• [What you will do]: Transcribe the entries exactly as given and skip whatever images they hold.

• [Records shown]:

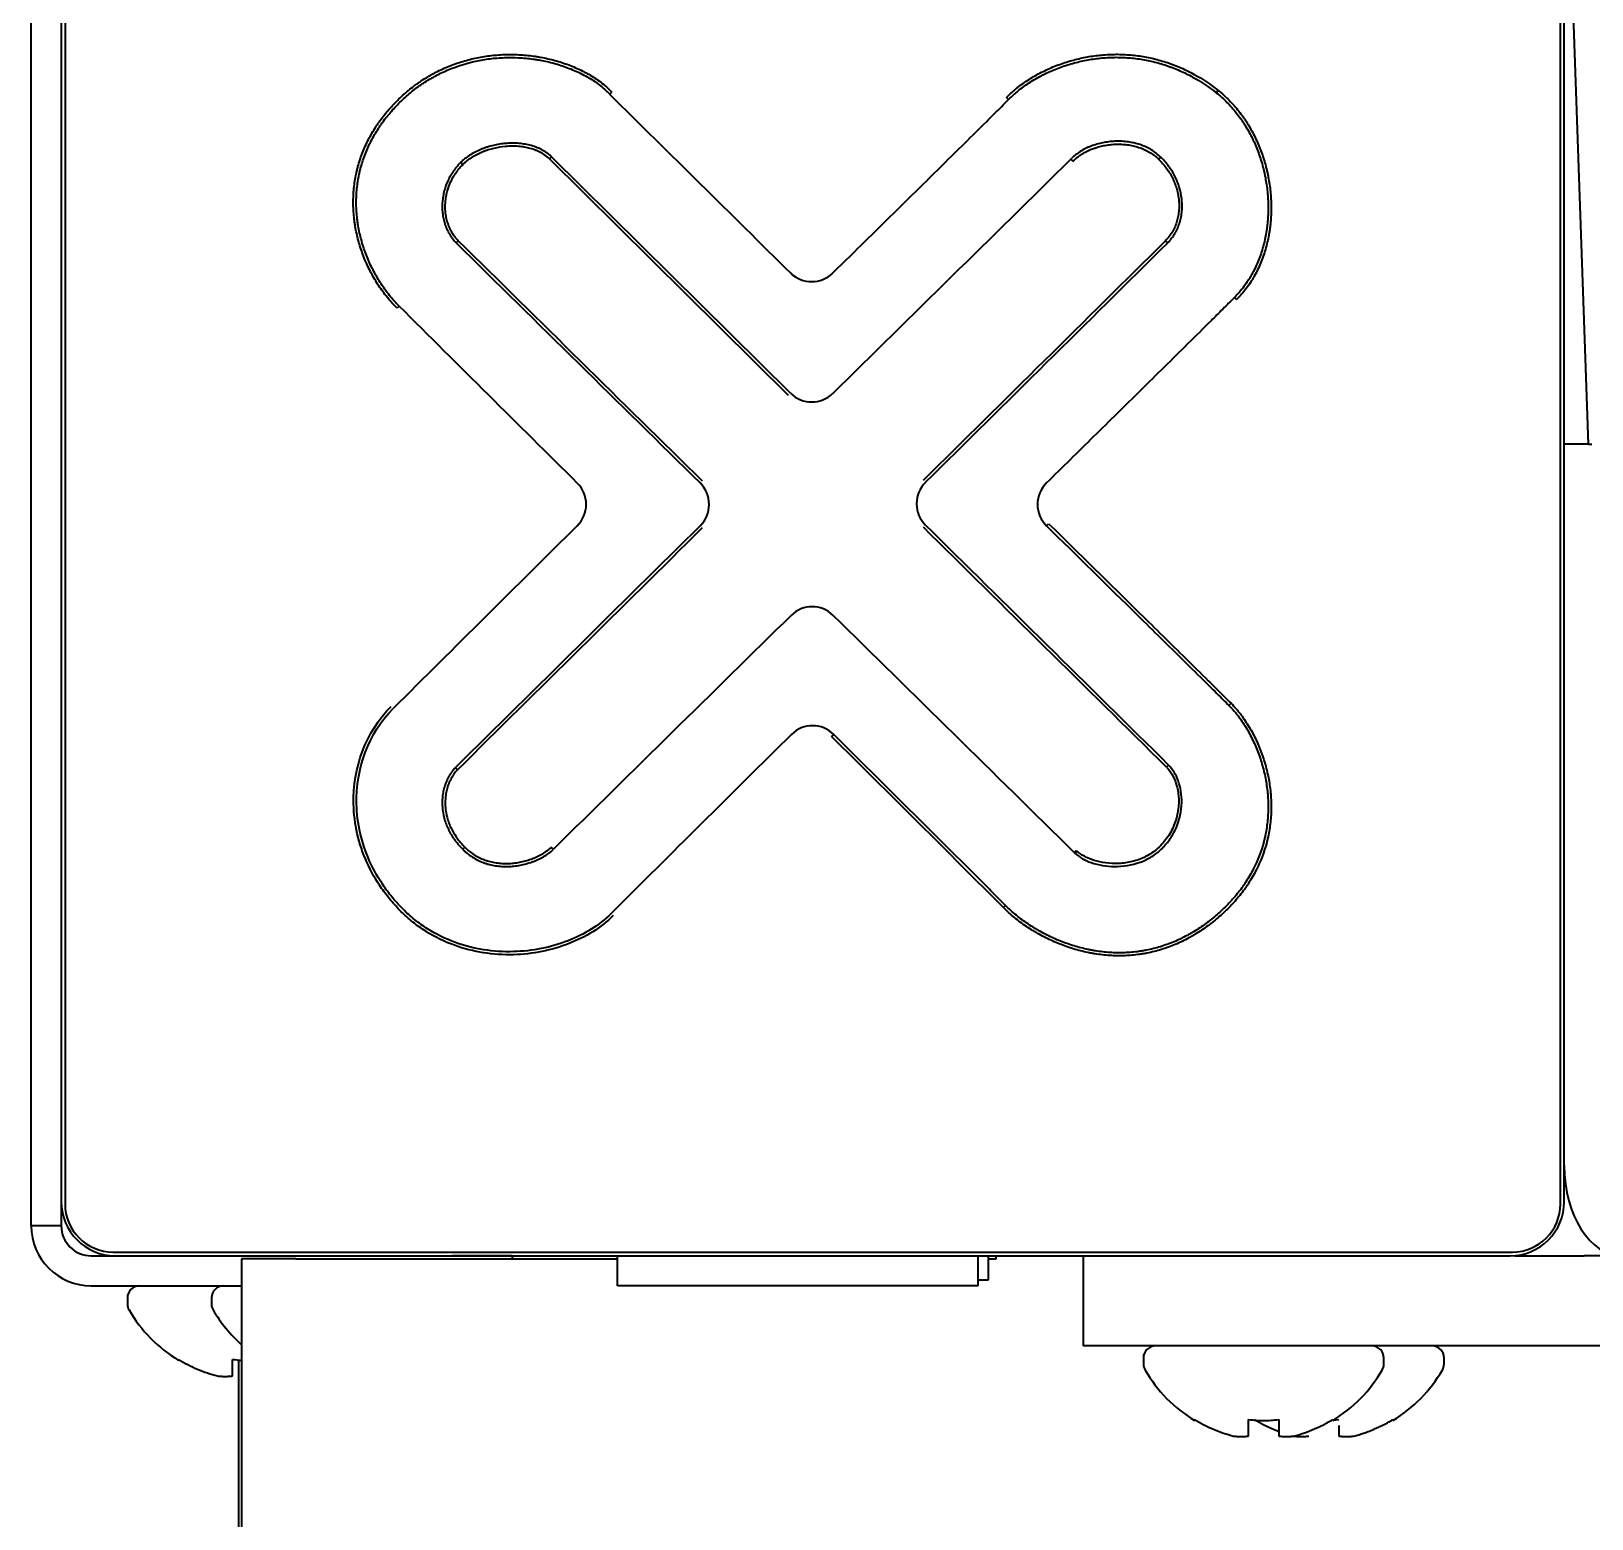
# Model space of a CAD drawing. Header units: inches. Extents: x 885 to 6823, y 710 to 5493.
# Drawn here: x 2615.8 to 2667.7, y 2296.1 to 2345.6 of the extents above; entities that cross this region are included whole.
import ezdxf

# ---------------------------------------------------------------- set-up
doc = ezdxf.new("R2010")
doc.units = ezdxf.units.IN
doc.layers.add('1', color=7, linetype='Continuous', true_color=0xffffff)

msp = doc.modelspace()

# ---------------------------------------------------------------- linework, layer by layer
at = {"layer": '1', "color": 7, "linetype": 'Continuous', "lineweight": 35}
for p, q in [((2615.78, 2308.151), (2615.78, 2354.51)), ((2615.78, 2308.151), (2615.78, 2354.51)), ((2616.78, 2353.056), (2616.78, 2306.656)), ((2616.905, 2353.131), (2616.905, 2306.581)), ((2666.655, 2306.581), (2666.655, 2353.131)), ((2666.78, 2306.656), (2666.78, 2353.056)), ((2667.584, 2331.856), (2666.847, 2352.96)), ((2635.024, 2343.495), (2635.095, 2343.565)), ((2655.204, 2343.54), (2655.267, 2343.619)), ((2648.294, 2343.317), (2648.223, 2343.388)), ((2630.072, 2341.23), (2630.143, 2341.16)), ((2633.091, 2341.415), (2633.022, 2341.343)), ((2640.974, 2333.476), (2633.022, 2341.343)), ((2641.044, 2333.547), (2633.091, 2341.415)), ((2650.365, 2341.333), (2650.437, 2341.264)), ((2653.356, 2341.403), (2653.286, 2341.331)), ((2629.919, 2338.551), (2629.99, 2338.622)), ((2653.588, 2338.55), (2653.518, 2338.622)), ((2628.02, 2336.446), (2627.95, 2336.375)), ((2655.809, 2336.734), (2655.88, 2336.663)), ((2667.584, 2331.856), (2666.78, 2331.856)), ((2667.584, 2331.856), (2667.696, 2331.856)), ((2649.557, 2329.137), (2649.627, 2329.208)), ((2655.624, 2323.162), (2655.695, 2323.233)), ((2642.476, 2322.197), (2642.406, 2322.126)), ((2653.618, 2321.18), (2653.548, 2321.11)), ((2629.887, 2321.088), (2629.958, 2321.017)), ((2630.135, 2318.378), (2630.205, 2318.449)), ((2633.152, 2318.378), (2633.081, 2318.448)), ((2650.477, 2318.271), (2650.548, 2318.342)), ((2650.571, 2318.318), (2650.503, 2318.245)), ((2648.193, 2316.51), (2648.121, 2316.439)), ((2615.78, 2307.424), (2615.78, 2308.151)), ((2615.78, 2307.424), (2615.78, 2308.151)), ((2615.78, 2306.855), (2615.78, 2307.424)), ((2615.78, 2306.855), (2615.78, 2307.424)), ((2615.78, 2305.855), (2615.78, 2306.855)), ((2615.78, 2305.855), (2615.78, 2306.855)), ((2616.78, 2306.656), (2616.78, 2305.855)), ((2616.78, 2306.656), (2616.78, 2305.855)), ((2616.78, 2305.855), (2615.78, 2305.855)), ((2616.78, 2305.855), (2615.78, 2305.855)), ((2617.78, 2304.855), (2629.78, 2304.855)), ((2617.78, 2304.855), (2629.78, 2304.855)), ((2618.505, 2304.981), (2665.055, 2304.981)), ((2618.58, 2304.856), (2664.98, 2304.856)), ((2621.227, 2304.856), (2621.227, 2304.855)), ((2624.58, 2304.755), (2622.78, 2304.755)), ((2622.78, 2304.755), (2622.78, 2224.305)), ((2624.027, 2304.856), (2624.027, 2304.855)), ((2624.58, 2304.755), (2635.28, 2304.755)), ((2627.534, 2304.855), (2627.534, 2304.856)), ((2631.78, 2304.855), (2629.78, 2304.855)), ((2631.78, 2304.855), (2629.78, 2304.855)), ((2631.78, 2304.855), (2631.78, 2304.755)), ((2631.78, 2304.855), (2631.78, 2304.755)), ((2635.28, 2303.856), (2635.28, 2304.856)), ((2647.28, 2303.856), (2647.28, 2304.856)), ((2647.63, 2304.056), (2647.63, 2304.856)), ((2647.63, 2304.755), (2647.88, 2304.755)), ((2647.88, 2304.755), (2647.88, 2304.856)), ((2650.78, 2304.856), (2650.78, 2301.856)), ((2665.141, 2304.856), (2667.44, 2304.856)), ((2668.709, 2304.856), (2667.44, 2304.856)), ((2647.28, 2304.056), (2647.63, 2304.056)), ((2617.78, 2303.855), (2622.78, 2303.855)), ((2617.78, 2303.855), (2622.78, 2303.855)), ((2647.28, 2303.856), (2635.28, 2303.856)), ((2618.98, 2303.456), (2618.98, 2303.256)), ((2621.78, 2303.456), (2621.78, 2303.256)), ((2653.78, 2301.856), (2650.78, 2301.856)), ((2652.78, 2301.456), (2652.78, 2301.256)), ((2665.141, 2301.856), (2653.78, 2301.856)), ((2660.78, 2301.256), (2660.78, 2301.456)), ((2662.78, 2301.256), (2662.78, 2301.456)), ((2667.44, 2301.856), (2665.141, 2301.856)), ((2684.779, 2301.856), (2667.44, 2301.856)), ((2620.68, 2301.377), (2620.68, 2301.411)), ((2622.68, 2301.41), (2622.68, 2224.356)), ((2654.48, 2299.377), (2654.48, 2299.411)), ((2659.08, 2299.411), (2659.08, 2299.377)), ((2659.082, 2299.389), (2659.28, 2299.411)), ((2661.08, 2299.411), (2661.08, 2299.377))]:
    msp.add_line(p, q, dxfattribs=at)
for centre, radius, start, end in [((4062.377, 3782.695), 2026.977, 225.23677, 225.47603), ((-1663.821, 6718.535), 6145.901, 314.481055, 314.584597), ((5859.773, 5612.164), 4598.751, 225.385511, 225.52738), ((5859.773, 5612.164), 4598.651, 225.38552, 225.52738), ((-3000.885, 8049.638), 8036.665, 314.633821, 314.714601), ((-3000.885, 8049.638), 8036.765, 314.633821, 314.714601), ((2641.747, 2338.26), 1, 225.476, 314.4864), ((4636.01, 4352.126), 2845.169, 225.109511, 225.277687), ((2641.747, 2334.258), 1, 225.3071, 314.4811), ((2633.242, 2329.85), 1, 314.7305, 45.2777), ((2637.333, 2329.849), 1, 314.6169, 45.5274), ((2646.233, 2329.872), 1, 134.6338, 225.4217), ((2650.257, 2329.851), 1, 134.4807, 225.5483), ((4878.823, 63.043), 3189.776, 134.730473, 134.885454), ((9395.924, -4519.725), 9621.641, 134.61693, 134.685132), ((9395.924, -4519.725), 9621.541, 134.61693, 134.685132), ((-3967.269, -4381.709), 9421.412, 45.352632, 45.42172), ((-3967.269, -4381.709), 9421.512, 45.352629, 45.42172), ((2641.761, 2325.445), 1, 45.5065, 134.4887), ((8084.361, -3215.166), 7767.612, 134.488725, 134.570552), ((-2745.486, -3157.905), 7687.973, 45.422706, 45.506515), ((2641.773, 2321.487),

• [Written solution]:
# Model space of a CAD drawing. Header units: inches. Extents: x 885 to 6823, y 710 to 5493.
# Drawn here: x 2615.8 to 2667.7, y 2296.1 to 2345.6 of the extents above; entities that cross this region are included whole.
import ezdxf

# ---------------------------------------------------------------- set-up
doc = ezdxf.new("R2010")
doc.units = ezdxf.units.IN
doc.layers.add('1', color=7, linetype='Continuous', true_color=0xffffff)

msp = doc.modelspace()

# ---------------------------------------------------------------- linework, layer by layer
at = {"layer": '1', "color": 7, "linetype": 'Continuous', "lineweight": 35}
for p, q in [((2615.78, 2308.151), (2615.78, 2354.51)), ((2615.78, 2308.151), (2615.78, 2354.51)), ((2616.78, 2353.056), (2616.78, 2306.656)), ((2616.905, 2353.131), (2616.905, 2306.581)), ((2666.655, 2306.581), (2666.655, 2353.131)), ((2666.78, 2306.656), (2666.78, 2353.056)), ((2667.584, 2331.856), (2666.847, 2352.96)), ((2635.024, 2343.495), (2635.095, 2343.565)), ((2655.204, 2343.54), (2655.267, 2343.619)), ((2648.294, 2343.317), (2648.223, 2343.388)), ((2630.072, 2341.23), (2630.143, 2341.16)), ((2633.091, 2341.415), (2633.022, 2341.343)), ((2640.974, 2333.476), (2633.022, 2341.343)), ((2641.044, 2333.547), (2633.091, 2341.415)), ((2650.365, 2341.333), (2650.437, 2341.264)), ((2653.356, 2341.403), (2653.286, 2341.331)), ((2629.919, 2338.551), (2629.99, 2338.622)), ((2653.588, 2338.55), (2653.518, 2338.622)), ((2628.02, 2336.446), (2627.95, 2336.375)), ((2655.809, 2336.734), (2655.88, 2336.663)), ((2667.584, 2331.856), (2666.78, 2331.856)), ((2667.584, 2331.856), (2667.696, 2331.856)), ((2649.557, 2329.137), (2649.627, 2329.208)), ((2655.624, 2323.162), (2655.695, 2323.233)), ((2642.476, 2322.197), (2642.406, 2322.126)), ((2653.618, 2321.18), (2653.548, 2321.11)), ((2629.887, 2321.088), (2629.958, 2321.017)), ((2630.135, 2318.378), (2630.205, 2318.449)), ((2633.152, 2318.378), (2633.081, 2318.448)), ((2650.477, 2318.271), (2650.548, 2318.342)), ((2650.571, 2318.318), (2650.503, 2318.245)), ((2648.193, 2316.51), (2648.121, 2316.439)), ((2615.78, 2307.424), (2615.78, 2308.151)), ((2615.78, 2307.424), (2615.78, 2308.151)), ((2615.78, 2306.855), (2615.78, 2307.424)), ((2615.78, 2306.855), (2615.78, 2307.424)), ((2615.78, 2305.855), (2615.78, 2306.855)), ((2615.78, 2305.855), (2615.78, 2306.855)), ((2616.78, 2306.656), (2616.78, 2305.855)), ((2616.78, 2306.656), (2616.78, 2305.855)), ((2616.78, 2305.855), (2615.78, 2305.855)), ((2616.78, 2305.855), (2615.78, 2305.855)), ((2617.78, 2304.855), (2629.78, 2304.855)), ((2617.78, 2304.855), (2629.78, 2304.855)), ((2618.505, 2304.981), (2665.055, 2304.981)), ((2618.58, 2304.856), (2664.98, 2304.856)), ((2621.227, 2304.856), (2621.227, 2304.855)), ((2624.58, 2304.755), (2622.78, 2304.755)), ((2622.78, 2304.755), (2622.78, 2224.305)), ((2624.027, 2304.856), (2624.027, 2304.855)), ((2624.58, 2304.755), (2635.28, 2304.755)), ((2627.534, 2304.855), (2627.534, 2304.856)), ((2631.78, 2304.855), (2629.78, 2304.855)), ((2631.78, 2304.855), (2629.78, 2304.855)), ((2631.78, 2304.855), (2631.78, 2304.755)), ((2631.78, 2304.855), (2631.78, 2304.755)), ((2635.28, 2303.856), (2635.28, 2304.856)), ((2647.28, 2303.856), (2647.28, 2304.856)), ((2647.63, 2304.056), (2647.63, 2304.856)), ((2647.63, 2304.755), (2647.88, 2304.755)), ((2647.88, 2304.755), (2647.88, 2304.856)), ((2650.78, 2304.856), (2650.78, 2301.856)), ((2665.141, 2304.856), (2667.44, 2304.856)), ((2668.709, 2304.856), (2667.44, 2304.856)), ((2647.28, 2304.056), (2647.63, 2304.056)), ((2617.78, 2303.855), (2622.78, 2303.855)), ((2617.78, 2303.855), (2622.78, 2303.855)), ((2647.28, 2303.856), (2635.28, 2303.856)), ((2618.98, 2303.456), (2618.98, 2303.256)), ((2621.78, 2303.456), (2621.78, 2303.256)), ((2653.78, 2301.856), (2650.78, 2301.856)), ((2652.78, 2301.456), (2652.78, 2301.256)), ((2665.141, 2301.856), (2653.78, 2301.856)), ((2660.78, 2301.256), (2660.78, 2301.456)), ((2662.78, 2301.256), (2662.78, 2301.456)), ((2667.44, 2301.856), (2665.141, 2301.856)), ((2684.779, 2301.856), (2667.44, 2301.856)), ((2620.68, 2301.377), (2620.68, 2301.411)), ((2622.68, 2301.41), (2622.68, 2224.356)), ((2654.48, 2299.377), (2654.48, 2299.411)), ((2659.08, 2299.411), (2659.08, 2299.377)), ((2659.082, 2299.389), (2659.28, 2299.411)), ((2661.08, 2299.411), (2661.08, 2299.377))]:
    msp.add_line(p, q, dxfattribs=at)
for centre, radius, start, end in [((4062.377, 3782.695), 2026.977, 225.23677, 225.47603), ((-1663.821, 6718.535), 6145.901, 314.481055, 314.584597), ((5859.773, 5612.164), 4598.751, 225.385511, 225.52738), ((5859.773, 5612.164), 4598.651, 225.38552, 225.52738), ((-3000.885, 8049.638), 8036.665, 314.633821, 314.714601), ((-3000.885, 8049.638), 8036.765, 314.633821, 314.714601), ((2641.747, 2338.26), 1, 225.476, 314.4864), ((4636.01, 4352.126), 2845.169, 225.109511, 225.277687), ((2641.747, 2334.258), 1, 225.3071, 314.4811), ((2633.242, 2329.85), 1, 314.7305, 45.2777), ((2637.333, 2329.849), 1, 314.6169, 45.5274), ((2646.233, 2329.872), 1, 134.6338, 225.4217), ((2650.257, 2329.851), 1, 134.4807, 225.5483), ((4878.823, 63.043), 3189.776, 134.730473, 134.885454), ((9395.924, -4519.725), 9621.641, 134.61693, 134.685132), ((9395.924, -4519.725), 9621.541, 134.61693, 134.685132), ((-3967.269, -4381.709), 9421.412, 45.352632, 45.42172), ((-3967.269, -4381.709), 9421.512, 45.352629, 45.42172), ((2641.761, 2325.445), 1, 45.5065, 134.4887), ((8084.361, -3215.166), 7767.612, 134.488725, 134.570552), ((-2745.486, -3157.905), 7687.973, 45.422706, 45.506515), ((2641.773, 2321.487),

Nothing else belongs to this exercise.